Foreign News: Swank
(3 of 4)
Having survived the Earl of Cottenham's cuff, the Phantom III carried him "stealing quietly uphill. . . . I found myself incoherently delighted like a child. . . . Attempting to avoid nothing, in fact, choosing if anything, the worst pieces of surface, I sailed down the middle of Bishop's Avenue hating the whole performance like poison, for I loathe so to treat a car . . . potholes a foot deep are everywhere. . . . Cars with orthodox springing, even of the best kind, shake the teeth in one's head as they pass over Bishop's Avenue. . . . Ghastly thuds sounded beneath the car as the road wheels rose and fell, but the classic shape of the well-known radiator in front of me scarcely pitched. And watching my rear passengers in the driving mirror, I never once saw them leave their seats; they were merely lifted smoothly up and down, and not much at that.
". . . It is almost certainly the easiest car in the world to handle. A tiny 5 ft. woman would find it far more amenable on a greasy road than any other car I know. Only once or twice, as we drew close to the Watford-Barnet fork, did I drop to third gear, unable to resist the feel of the claws of speed so gently, modestly garbed in their silken sheaths."
Finally, according to Lord Cottenham. ''with the relentless surge of a hurricane, the big car went. It neither leapt, shot, howled nor roared, as other cars are not inaccurately described as doing according to their kind. It just moved forward very fast indeed. At about 50, I changed to third. At about 70, I changed to top. . . . Thereafter, I did 93. . . . These are speedometer speeds, but the speedometer is one that satisfies Messrs. Rolls-Royce. . . . Farther on . . . I spoke a word of warning to my passengers and did a quick pull-up from 80 with both hands off the wheel. I was ready to grab and hold her, but the car stopped in a dead straight line as though snatched by a vast magnet. . . .

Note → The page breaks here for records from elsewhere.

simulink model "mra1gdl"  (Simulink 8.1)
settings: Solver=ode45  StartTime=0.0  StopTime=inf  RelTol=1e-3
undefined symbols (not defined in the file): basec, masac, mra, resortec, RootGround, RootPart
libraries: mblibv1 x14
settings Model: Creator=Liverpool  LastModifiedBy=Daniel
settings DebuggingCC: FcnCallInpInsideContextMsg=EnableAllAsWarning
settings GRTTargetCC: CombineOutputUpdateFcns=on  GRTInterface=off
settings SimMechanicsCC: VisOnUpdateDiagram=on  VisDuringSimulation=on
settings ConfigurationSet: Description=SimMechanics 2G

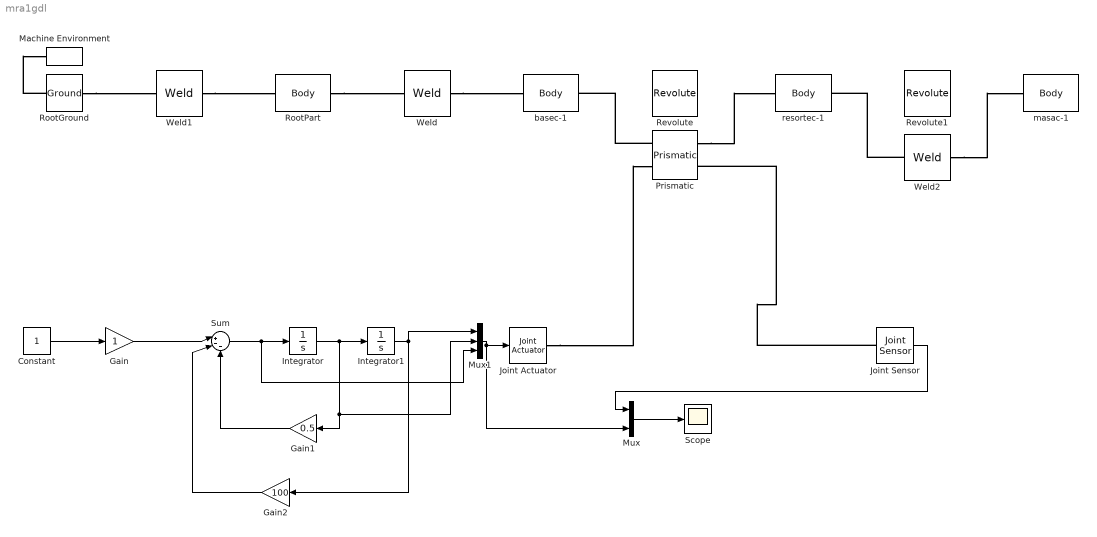
== system mra1gdl ==
  Constant : Constant
  Gain : Gain
  Gain1 : Gain  Gain=0.5
  Gain2 : Gain  Gain=100
  Integrator : Integrator
  Integrator1 : Integrator
  Joint Actuator : mblibv1/Sensors &  Actuators/Joint Actuator  UpdateFromCAD=off  PhysicalDomain=Mechanical  PortType=blob  ActuationStyle=Motion  AngleUnits=deg  ArcVelocityUnits=deg/s  ArcAccelerationUnits=deg/s^2  CoordPositionUnits=m  VelocityUnits=m/s  AccelerationUnits=m/s^2  ForceUnits=mN  TorqueUnits=N*m  ActiveIO=on  Width=3  DialogClass=MechanicalActuatorBlock  Primitive=P1  ReferenceFrame=Absolute (World)
  Joint Sensor : mblibv1/Sensors &  Actuators/Joint Sensor  UpdateFromCAD=off  PhysicalDomain=Mechanical  PortType=blob  Muxed=on  Pose=off  Angle=on  AngleUnits=deg  ArcVelocity=off  ArcVelocityUnits=deg/s  ArcAcceleration=off  ArcAccelerationUnits=deg/s^2  CoordPosition=on  CoordPositionUnits=m  Velocity=off  VelocityUnits=m/s  Acceleration=off  AccelerationUnits=m/s^2  Quaternion=on  QuaternionDT=off  QuaternionDDT=off  QuaternionUnits=off  OutputVector=[1]  ActiveIO=on  Width=1  DialogClass=MechanicalSensorBlock  Primitive=P1  Force=off  ForceUnits=N  Torque=off  TorqueUnits=N-m  ReferenceFrame=Absolute (World)  ReactionSensedSide=Base  ReactionReferenceFrame=Absolute (World)  ReactionForce=off  ReactionForceUnits=N  ReactionMoment=off  ReactionMomentUnits=N-m
  Machine Environment : mblibv1/Bodies/Machine Environment  PortType=env  PhysicalDomain=Mechanical  DialogTemplateClass=MECH.MachineEnvironment  SyncWhenCopied=off  Gravity=[0 -9.81 0]  GravityUnits=m/s^2  GravityAsSignal=off  Dimensionality=Auto-detect  AnalysisType=Forward dynamics  LinearAssemblyTolerance=1e-3  LinearAssemblyToleranceUnits=m  AngularAssemblyTolerance=1e-3  AngularAssemblyToleranceUnits=rad  ConstraintSolverType=Stabilizing  ConstraintRelTolerance=1e-4  ConstraintAbsTolerance=1e-4  UseRobustSingularityHandling=off  RedundancyAnalysisToleranceType=Automatically select tolerance  RedundancyAnalysisTolerance=1e-14  StatePerturbationType=Fixed  PerturbationSize=1e-5  VisualizeMachine=on  BodyVisualizationType=Use model default body geometries  BodyColorSelMode=Use model default  DefaultBodyColor=[1 0 0]
  Mux : Mux  Inputs=2
  Mux1 : Mux  Inputs=3
  Prismatic : mblibv1/Joints/Prismatic  LConnTagsString=__newl0|SA1  RConnTagsString=__newr0|SA1  UpdateFromCAD=off  NumSAPorts=2  CutJoint=off  MarkAsCut=off  Primitives=prismatic  PrimitiveProps=P1$World$[0 1 0]$prismatic  DialogClass=JointBlock  P1Axis=[0 1 0]
  Revolute : mblibv1/Joints/Revolute  LConnTagsString=__newl0  RConnTagsString=__newr0  UpdateFromCAD=on  PMImportedID=basec-1:-:resortec-1  NumSAPorts=0  CutJoint=off  MarkAsCut=off  Primitives=prismatic  PrimitiveProps=R1$WORLD$[0,1,0]$revolute  DialogClass=JointBlock  R1Axis=[0,1,0]
  Revolute1 : mblibv1/Joints/Revolute  LConnTagsString=__newl0  RConnTagsString=__newr0  UpdateFromCAD=on  PMImportedID=masac-1:-:resortec-1  NumSAPorts=0  CutJoint=off  MarkAsCut=off  Primitives=prismatic  PrimitiveProps=R1$WORLD$[0,1,0]$revolute  DialogClass=JointBlock  R1Axis=[0,1,0]
  RootGround : mblibv1/Bodies/Ground  UpdateFromCAD=on  PMImportedID=RootGround  LeftPortType=env  RightPortType=workingframe  PhysicalDomain=Mechanical  DialogClass=GroundBlock  CoordPosition=[-0.00233987,0.00529094,0.1]  CoordPositionUnits=m  StateVectorMgrId=1  MachineId=[2 2]  ShowEnvPort=on
  RootPart : mblibv1/Bodies/Body  LConnTagsString=CS3  RConnTagsString=CS2  UpdateFromCAD=on  PMImportedID=mra/RootPart  DialogClass=MechanicalBodyBlock  Mass=0  MassUnits=kg  InertiaUnits=kg*m^2  Inertia=[0,0,0;0,0,0;0,0,0]  Shape=Cylinder  ShapeDims=[1 1]  ShapeUnits=m  ShapeUse=false  Density=1  DensityUnits=kg/m^3  DensityUse=false  GraphicsMode=MACHINE_DEFAULT  BodyColorSelMode=MACHINE_DEFAULT  BodyColor=[1;0;0]  AttachedToCS=CS1  CG=Right$CG$[-0.00233987 0.00529094 0.1]$WORLD$WORLD$m$[1 0 0;0 1 0;0 0 1]$3x3 Transform$rad$WORLD$false$mra/RootPart::CG(AUTOGEN)  WorkingFrames=Right$CS1$[0 0 0]$WORLD$WORLD$m$[1 0 0;0 1 0;0 0 1]$3x3 Transform$rad$WORLD$false$mra/RootPart::CS1(AUTOGEN)#Right$CS2$[-0.00233987 -0.0340841 0.1]$WORLD$WORLD$m$[1 0 0;0 1 0;0 0 1]$3x3 Transform$rad$WORLD$true$basec-1:-:mra/RootPart::mra/RootPart(AUTOGEN)#Left$CS3$[-0.00233987 0.00529094 0.1]$WORLD$WORLD$m$[1 0 0;0 1 0;0 0 1]$3x3 Transform$rad$WORLD$true$RootGround:-:mra/RootPart::mra/RootPart(AUTOGEN)  CGPos=[-0.00233987 0.00529094 0.1]  CGRot=[1 0 0;0 1 0;0 0 1]  CS0Pos=[]  CS0Rot=[]  CS1Pos=[0 0 0]  CS1Rot=[1 0 0;0 1 0;0 0 1]  CS2Pos=[-0.00233987 -0.0340841 0.1]  CS2Rot=[1 0 0;0 1 0;0 0 1]  CS3Pos=[-0.00233987 0.00529094 0.1]  CS3Rot=[1 0 0;0 1 0;0 0 1]  CS4Pos=[]  CS4Rot=[]  CS5Pos=[]  CS5Rot=[]  CS6Pos=[]  CS6Rot=[]  CS7Pos=[]  CS7Rot=[]  CS8Pos=[]  CS8Rot=[]  CS9Pos=[]  CS9Rot=[]  CS10Pos=[]  CS10Rot=[]  CS11Pos=[]  CS11Rot=[]  CS12Pos=[]  CS12Rot=[]  CS13Pos=[]  CS13Rot=[]  CS14Pos=[]  CS14Rot=[]  CS15Pos=[]  CS15Rot=[]  CS16Pos=[]  CS16Rot=[]  CS17Pos=[]  CS17Rot=[]  CS18Pos=[]  CS18Rot=[]  CS19Pos=[]  CS19Rot=[]  CS20Pos=[]  CS20Rot=[]
  Scope : Scope
  Sum : Sum  Inputs=|+--
  Weld : mblibv1/Joints/Weld  LConnTagsString=__newl0  RConnTagsString=__newr0  UpdateFromCAD=on  PMImportedID=basec-1:-:mra/RootPart  NumSAPorts=0  CutJoint=off  MarkAsCut=off  Primitives=weld  PrimitiveProps=W$WORLD$[0.57735,0.57735,0.57735]$weld  DialogClass=JointBlock  WAxis=[0.57735,0.57735,0.57735]
  Weld1 : mblibv1/Joints/Weld  LConnTagsString=__newl0  RConnTagsString=__newr0  UpdateFromCAD=on  PMImportedID=RootGround:-:mra/RootPart  NumSAPorts=0  CutJoint=off  MarkAsCut=off  Primitives=weld  PrimitiveProps=W$WORLD$[0.57735,0.57735,0.57735]$weld  DialogClass=JointBlock  WAxis=[0.57735,0.57735,0.57735]
  Weld2 : mblibv1/Joints/Weld  LConnTagsString=__newl0  RConnTagsString=__newr0  UpdateFromCAD=on  NumSAPorts=0  CutJoint=off  MarkAsCut=off  Primitives=weld  PrimitiveProps=W$WORLD$[0.57735,0.57735,0.57735]$weld  DialogClass=JointBlock  WAxis=[0.57735,0.57735,0.57735]
  basec-1 : mblibv1/Bodies/Body  LConnTagsString=CS2  RConnTagsString=CS3  UpdateFromCAD=on  PMImportedID=basec-1  DialogClass=MechanicalBodyBlock  Mass=0.0785398  MassUnits=kg  InertiaUnits=kg*m^2  Inertia=[4.97419e-05,0,0;0,9.81748e-05,0;0,0,4.97419e-05]  Shape=Cylinder  ShapeDims=[1 1]  ShapeUnits=m  ShapeUse=false  Density=1  DensityUnits=kg/m^3  DensityUse=false  GraphicsMode=GFXFILE  GraphicsFileName=mra - basec-1.STL  BodyColorSelMode=COLORPALETTE  BodyColor=[0.79216 0.81961 0.93333]  AttachedToCS=CS1  CG=Right$CG$[-0.00233987 -0.0340841 0.1]$WORLD$WORLD$m$[1 0 0;0 1 0;0 0 1]$3x3 Transform$rad$WORLD$false$basec-1::CG(AUTOGEN)  WorkingFrames=Right$CS4$[-0.00233987 -0.0340841 0.1]$WORLD$WORLD$m$[1 0 0;0 1 0;0 0 1]$3x3 Transform$rad$WORLD$false$none#Right$CS1$[-0.00233987 -0.0390841 0.1]$WORLD$WORLD$m$[1 0 0;0 1 0;0 0 1]$3x3 Transform$rad$WORLD$false$basec-1::CS1(AUTOGEN)#Left$CS2$[-0.00233987 -0.0340841 0.1]$WORLD$WORLD$m$[1 0 0;0 1 0;0 0 1]$3x3 Transform$rad$WORLD$true$basec-1:-:mra/RootPart::basec-1(AUTOGEN)#Right$CS3$[-0.00233987 -0.0290841 0.1]$WORLD$WORLD$m$[1 0 0;0 1 0;0 0 1]$3x3 Transform$rad$WORLD$true$basec-1:-:resortec-1::basec-1(AUTOGEN)  CGPos=[-0.00233987 -0.0340841 0.1]  CGRot=[1 0 0;0 1 0;0 0 1]  CS0Pos=[]  CS0Rot=[]  CS1Pos=[-0.00233987 -0.0390841 0.1]  CS1Rot=[1 0 0;0 1 0;0 0 1]  CS2Pos=[-0.00233987 -0.0340841 0.1]  CS2Rot=[1 0 0;0 1 0;0 0 1]  CS3Pos=[-0.00233987 -0.0290841 0.1]  CS3Rot=[1 0 0;0 1 0;0 0 1]  CS4Pos=[-0.00233987 -0.0340841 0.1]  CS4Rot=[1 0 0;0 1 0;0 0 1]  CS5Pos=[]  CS5Rot=[]  CS6Pos=[]  CS6Rot=[]  CS7Pos=[]  CS7Rot=[]  CS8Pos=[]  CS8Rot=[]  CS9Pos=[]  CS9Rot=[]  CS10Pos=[]  CS10Rot=[]  CS11Pos=[]  CS11Rot=[]  CS12Pos=[]  CS12Rot=[]  CS13Pos=[]  CS13Rot=[]  CS14Pos=[]  CS14Rot=[]  CS15Pos=[]  CS15Rot=[]  CS16Pos=[]  CS16Rot=[]  CS17Pos=[]  CS17Rot=[]  CS18Pos=[]  CS18Rot=[]  CS19Pos=[]  CS19Rot=[]  CS20Pos=[]  CS20Rot=[]
  masac-1 : mblibv1/Bodies/Body  LConnTagsString=CS2  UpdateFromCAD=on  PMImportedID=masac-1  DialogClass=MechanicalBodyBlock  Mass=0.0392699  MassUnits=kg  InertiaUnits=kg*m^2  Inertia=[7.44492e-06,0,0;0,1.22718e-05,0;0,0,7.44492e-06]  Shape=Cylinder  ShapeDims=[1 1]  ShapeUnits=m  ShapeUse=false  Density=1  DensityUnits=kg/m^3  DensityUse=false  GraphicsMode=GFXFILE  GraphicsFileName=mra - masac-1.STL  BodyColorSelMode=COLORPALETTE  BodyColor=[0.79216 0.81961 0.93333]  AttachedToCS=CS1  CG=Right$CG$[-0.00233987 0.0809159 0.1]$WORLD$WORLD$m$[0.999375 0 -0.0353606;0 1 0;0.0353606 0 0.999375]$3x3 Transform$rad$WORLD$false$masac-1::CG(AUTOGEN)  WorkingFrames=Left$CS3$[-0.00233987 0.0809159 0.1]$WORLD$WORLD$m$[0.999375 0 -0.0353606;0 1 0;0.0353606 0 0.999375]$3x3 Transform$rad$WORLD$false$none#Left$CS1$[-0.00233987 0.0709159 0.1]$WORLD$WORLD$m$[0.999375 0 -0.0353606;0 1 0;0.0353606 0 0.999375]$3x3 Transform$rad$WORLD$false$masac-1::CS1(AUTOGEN)#Left$CS2$[-0.00233987 0.0709159 0.1]$WORLD$WORLD$m$[1 0 0;0 1 0;0 0 1]$3x3 Transform$rad$WORLD$true$masac-1:-:resortec-1::masac-1(AUTOGEN)  CGPos=[-0.00233987 0.0809159 0.1]  CGRot=[0.999375 0 -0.0353606;0 1 0;0.0353606 0 0.999375]  CS0Pos=[]  CS0Rot=[]  CS1Pos=[-0.00233987 0.0709159 0.1]  CS1Rot=[0.999375 0 -0.0353606;0 1 0;0.0353606 0 0.999375]  CS2Pos=[-0.00233987 0.0709159 0.1]  CS2Rot=[1 0 0;0 1 0;0 0 1]  CS3Pos=[-0.00233987 0.0809159 0.1]  CS3Rot=[0.999375 0 -0.0353606;0 1 0;0.0353606 0 0.999375]  CS4Pos=[]  CS4Rot=[]  CS5Pos=[]  CS5Rot=[]  CS6Pos=[]  CS6Rot=[]  CS7Pos=[]  CS7Rot=[]  CS8Pos=[]  CS8Rot=[]  CS9Pos=[]  CS9Rot=[]  CS10Pos=[]  CS10Rot=[]  CS11Pos=[]  CS11Rot=[]  CS12Pos=[]  CS12Rot=[]  CS13Pos=[]  CS13Rot=[]  CS14Pos=[]  CS14Rot=[]  CS15Pos=[]  CS15Rot=[]  CS16Pos=[]  CS16Rot=[]  CS17Pos=[]  CS17Rot=[]  CS18Pos=[]  CS18Rot=[]  CS19Pos=[]  CS19Rot=[]  CS20Pos=[]  CS20Rot=[]
  resortec-1 : mblibv1/Bodies/Body  LConnTagsString=CS2  RConnTagsString=CS3  UpdateFromCAD=on  PMImportedID=resortec-1  DialogClass=MechanicalBodyBlock  Mass=0.00785398  MassUnits=kg  InertiaUnits=kg*m^2  Inertia=[6.59407e-06,0,0;0,9.81748e-08,0;0,0,6.59407e-06]  Shape=Cylinder  ShapeDims=[1 1]  ShapeUnits=m  ShapeUse=false  Density=1  DensityUnits=kg/m^3  DensityUse=false  GraphicsMode=GFXFILE  GraphicsFileName=mra - resortec-1.STL  BodyColorSelMode=COLORPALETTE  BodyColor=[0.792157;0.819608;0.933333]  AttachedToCS=CS1  CG=Right$CG$[-0.00233987 0.0209159 0.1]$WORLD$WORLD$m$[1 0 0;0 1 0;0 0 1]$3x3 Transform$rad$WORLD$false$resortec-1::CG(AUTOGEN)  WorkingFrames=Right$CS1$[-0.00233987 -0.0290841 0.1]$WORLD$WORLD$m$[1 0 0;0 1 0;0 0 1]$3x3 Transform$rad$WORLD$false$resortec-1::CS1(AUTOGEN)#Left$CS2$[-0.00233987 -0.0290841 0.1]$WORLD$WORLD$m$[1 0 0;0 1 0;0 0 1]$3x3 Transform$rad$WORLD$true$basec-1:-:resortec-1::resortec-1(AUTOGEN)#Right$CS3$[-0.00233987 0.0709159 0.1]$WORLD$WORLD$m$[1 0 0;0 1 0;0 0 1]$3x3 Transform$rad$WORLD$true$masac-1:-:resortec-1::resortec-1(AUTOGEN)  CGPos=[-0.00233987 0.0209159 0.1]  CGRot=[1 0 0;0 1 0;0 0 1]  CS0Pos=[]  CS0Rot=[]  CS1Pos=[-0.00233987 -0.0290841 0.1]  CS1Rot=[1 0 0;0 1 0;0 0 1]  CS2Pos=[-0.00233987 -0.0290841 0.1]  CS2Rot=[1 0 0;0 1 0;0 0 1]  CS3Pos=[-0.00233987 0.0709159 0.1]  CS3Rot=[1 0 0;0 1 0;0 0 1]  CS4Pos=[]  CS4Rot=[]  CS5Pos=[]  CS5Rot=[]  CS6Pos=[]  CS6Rot=[]  CS7Pos=[]  CS7Rot=[]  CS8Pos=[]  CS8Rot=[]  CS9Pos=[]  CS9Rot=[]  CS10Pos=[]  CS10Rot=[]  CS11Pos=[]  CS11Rot=[]  CS12Pos=[]  CS12Rot=[]  CS13Pos=[]  CS13Rot=[]  CS14Pos=[]  CS14Rot=[]  CS15Pos=[]  CS15Rot=[]  CS16Pos=[]  CS16Rot=[]  CS17Pos=[]  CS17Rot=[]  CS18Pos=[]  CS18Rot=[]  CS19Pos=[]  CS19Rot=[]  CS20Pos=[]  CS20Rot=[]
  wires:
  Constant/1 -> Gain/1
  Gain/1 -> Sum/1
  Gain1/1 -> Sum/3
  Gain2/1 -> Sum/2
  Sum/1 -> Integrator/1, Mux1/3
  Integrator/1 -> Integrator1/1, Gain1/1, Mux1/2
  Integrator1/1 -> Gain2/1, Mux1/1
  Mux/1 -> Scope/1
  Joint Sensor/1 -> Mux/1
  Mux1/1 -> Joint Actuator/1, Mux/2
  connections:
  RootPart/RConn1 -- Weld/LConn1
  Weld/RConn1 -- basec-1/LConn1
  RootGround/RConn1 -- Weld1/LConn1
  Weld1/RConn1 -- RootPart/LConn1
  RootGround/LConn1 -- Machine Environment/RConn1
  Weld2/RConn1 -- masac-1/LConn1
  Weld2/LConn1 -- resortec-1/RConn1
  Prismatic/RConn1 -- resortec-1/LConn1
  Prismatic/LConn1 -- basec-1/RConn1
  Joint Sensor/LConn1 -- Prismatic/RConn2
  Joint Actuator/RConn1 -- Prismatic/LConn2

"An almost inaudible whine, fainter than a mosquito, rose to my ears from the back axle. Only harsh critics would have heard it.
"'Presumably that's another detail for attention,' I remarked as I lit my pipe.
" 'Yes,' replied the Colonel. 'It will not occur in the finished products.'
"I knew he did not exaggerate in the least. . . .
"What I have written is simply the proud tribute of a keen driver to a magnificent machine made by some of his fellow-countrymen. . . . Once again Britain's best remains the World's best."*
Other foreign cars on sale in Manhattan last week were British:
The Lagonda at $6,750, the A. C. or "Acedes" at $3,475 and the S. S. or &"Standard Swallow" at $2,860 are high-performance 6-cylinder sport and semi-sport cars.
The M. G., which is never called anything but an "M. G.,"† is the supreme British bantam sport car and some of the firm's business is in supplying custom-made chassis to road-racing Britons who like to zip and roar. A minuscule M. G. has recently done 140 m.p.h. under test conditions in Germany. Those offered in Manhattan are a super-doodlebug at $1,435, promised to do 83 m.p.h., and a species of semi-sport sedan at $2,550 brought out this year in England for the first time by M. G.